Sunday, September 21, 2014


It all started, as it often  does, with that book shelf just to the right as you walk in the public library.There always seems to be a good read there that I just can't put down. This time it was Mother of God by Paul Rosolie. That's the English title. It should be in Spanish, Madre de Dios, because it's a high adventure story about the Amazon.

It's not only high adventure, with the author riding on the back of enormous anacondas and sleeping in a hammock with a jaguar breathing on his neck. But at heart it's a summons to save one of the few remaining wilderness areas on the planet. Paul travels into some interior regions of Amazonia where it is unlikely any but isolated indigenous tribes have ever been. He sees and begins to understand the way everything works together for the sustaining of an immensely diverse ecosystem. 

Bill McKibben, an amazing naturalist himself and founder of says about the book, "A great adventure with a great and enduring point: we simply must protect these last, vast slices of the planet that still work the way they're supposed to."

As someone who actually believes in a higher power that set this whole creation in motion, there's no escaping the amazing diversity of life forms on the earth and the tenuous yet marvelous way it all relates and interacts. Even the smallest of organisms plays a role and can impact the largest ones, should it disappear or go on a tear. This is especially the case in the region of the Amazon Paul writes about, as man's smell and relentless quest for more has not yet upset the interrelationships. The delicate balance is still intact.

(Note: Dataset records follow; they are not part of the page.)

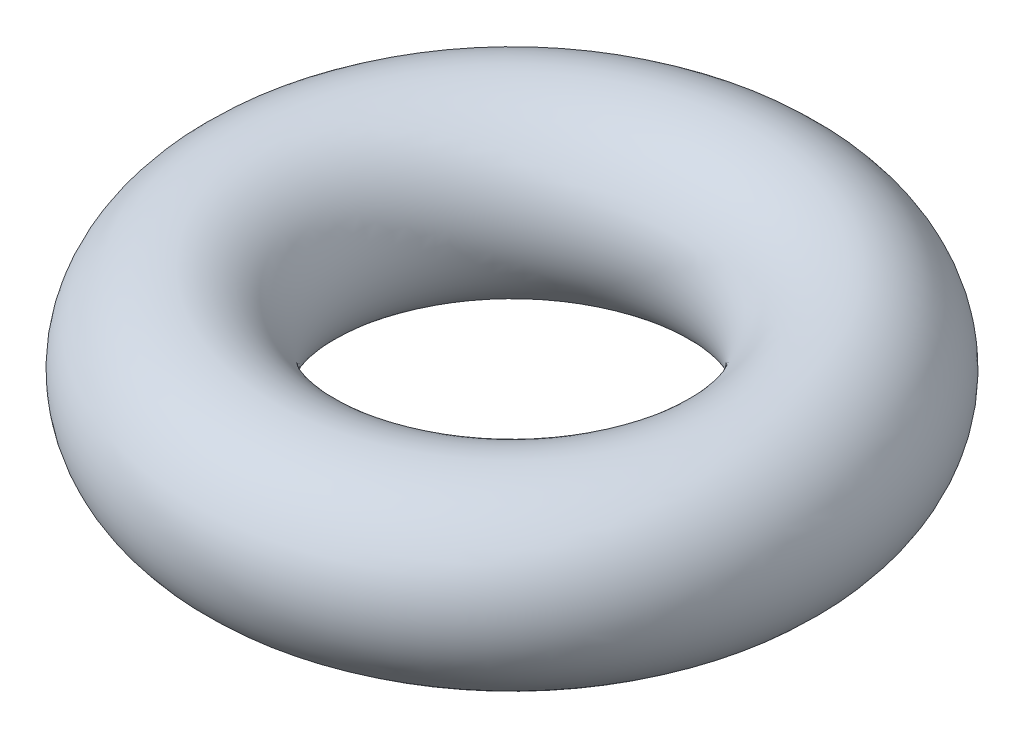
ISO-10303-21;
HEADER;
FILE_DESCRIPTION(('STEP AP214'),'2;1');
FILE_NAME('part.step','',(''),(''),'','','');
FILE_SCHEMA(('AUTOMOTIVE_DESIGN { 1 0 10303 214 1 1 1 1 }'));
ENDSEC;
DATA;
#1=APPLICATION_CONTEXT('core data for automotive mechanical design processes');
#2=APPLICATION_PROTOCOL_DEFINITION('international standard','automotive_design',2000,#1);
#3=PRODUCT_CONTEXT('',#1,'mechanical');
#4=PRODUCT('Part','Part','',(#3));
#5=PRODUCT_RELATED_PRODUCT_CATEGORY('part','',(#4));
#6=PRODUCT_DEFINITION_FORMATION('','',#4);
#7=PRODUCT_DEFINITION_CONTEXT('part definition',#1,'design');
#8=PRODUCT_DEFINITION('design','',#6,#7);
#9=PRODUCT_DEFINITION_SHAPE('','',#8);
#10=(LENGTH_UNIT() NAMED_UNIT(*) SI_UNIT(.MILLI.,.METRE.));
#11=(NAMED_UNIT(*) PLANE_ANGLE_UNIT() SI_UNIT($,.RADIAN.));
#12=(NAMED_UNIT(*) SI_UNIT($,.STERADIAN.) SOLID_ANGLE_UNIT());
#13=UNCERTAINTY_MEASURE_WITH_UNIT(LENGTH_MEASURE(1.E-05),#10,'distance_accuracy_value','');
#14=(GEOMETRIC_REPRESENTATION_CONTEXT(3) GLOBAL_UNCERTAINTY_ASSIGNED_CONTEXT((#13)) GLOBAL_UNIT_ASSIGNED_CONTEXT((#10,
#11,#12)) REPRESENTATION_CONTEXT('',''));
#15=CARTESIAN_POINT('',(0.,0.,0.));
#16=DIRECTION('',(0.,0.,1.));
#17=DIRECTION('',(1.,0.,0.));
#18=AXIS2_PLACEMENT_3D('',#15,#16,#17);
#19=CARTESIAN_POINT('',(0.,0.,0.));
#20=DIRECTION('',(0.,1.,0.));
#21=DIRECTION('',(1.,0.,0.));
#22=AXIS2_PLACEMENT_3D('',#19,#20,#21);
#23=TOROIDAL_SURFACE('',#22,4.72,1.75);
#24=ADVANCED_FACE('F14',(),#23,.T.);
#25=CLOSED_SHELL('',(#24));
#26=MANIFOLD_SOLID_BREP('B1',#25);
#27=ADVANCED_BREP_SHAPE_REPRESENTATION('',(#18,#26),#14);
#28=SHAPE_DEFINITION_REPRESENTATION(#9,#27);
ENDSEC;
END-ISO-10303-21;

E.O. Wilson, a renowned naturalist, would like to set aside half of the earth's land mass for wildlife. He sees it as essential, a last ditch effort to prevent mass extinctions. Hundreds of species go extinct each year, primarily because of habitat loss and climate change. At present, about seventeen per cent of the world's land area is set aside for wildlife. Wilson wants fifty percent.

There are some who have taken Wilson's ideas to heart. M.C. Davis is a commodities trader who heard a talk on the disappearing black bear from the forests of Florida. He ended up giving the speakers enough money to continue their work for two years and started an educational program for himself that included understanding the longleaf pine forests of Florida, forests that once stretched all the way from Virginia to East Texas. That 90 million acre forest has been reduced to about 3 million acres. No forest, no black bear, or gopher tortoise, or ??? (Southeast longleaf forest is a biological gold mine with as many as 60 different species in a single square yard).

Davis then set out buying land for a nature reserve, 51,000 acres at this point. Davis has cleared thousands of acres of pulpwood pines (more profitable for harvesting than longleaf pines but not home to black bears) and planted millions of longleaf seedlings.

When asked about the construction zone quality of much of the acreage, Davis replied, "I tell people we're in year 13 of a 300 year program. I could easily make 1,000 acres look beautiful but the extinction clock's ticking, so I decided to take on the bigger challenge."

Irony of ironies, Davis made the money he is spending lavishly on environmental restoration, as a commodities trader in timber and oil and gas rights, leading industries for habitat destruction and climate change. Would that more such wealth would be invested in restoration.

Closer to home, we have milkweed growing in our backyard garden. It's essential for the life cycle of the monarch butterfly. This year some of those stalks were home to the monarch chrysalis. Monarchs are now fluttering around the neighborhood gathering enough flower power to help them make that long journey to Mexico.

Our garden is a monarch way station. Development (I call much of it de-development) in this country consumes monarch and other wildlife habitat at 6,000 acres per day. Pesticides and genetically modified crops have reduced monarch habitat by another 80 million acres according to Monarch Watch. And the mowing and use of herbicides in roadside ditches has further eroded the growth of milkweed. No milkweed, no monarch butterflies!

The reality is, we're doing ourselves in. In our arrogance and greed and our pervasive mantra of "economic development and growth," we're destroying the very balance that makes life on earth possible.

Gandhi said. "What  we are doing to the forests of the world is but a mirror reflection of what we are doing to ourselves and to one another."

And John Muir. "Thousands of tired, nerve shaken, over-civilized people are beginning to find out going to the mountains is going home; that wilderness is a necessity …"

Loren Eiseley tells us that religious thought back to it's very origins, has always seen wilderness, away from other humans, as the place for visionaries and insight. For an age with few we might recognize as insightful, wilderness becomes essential.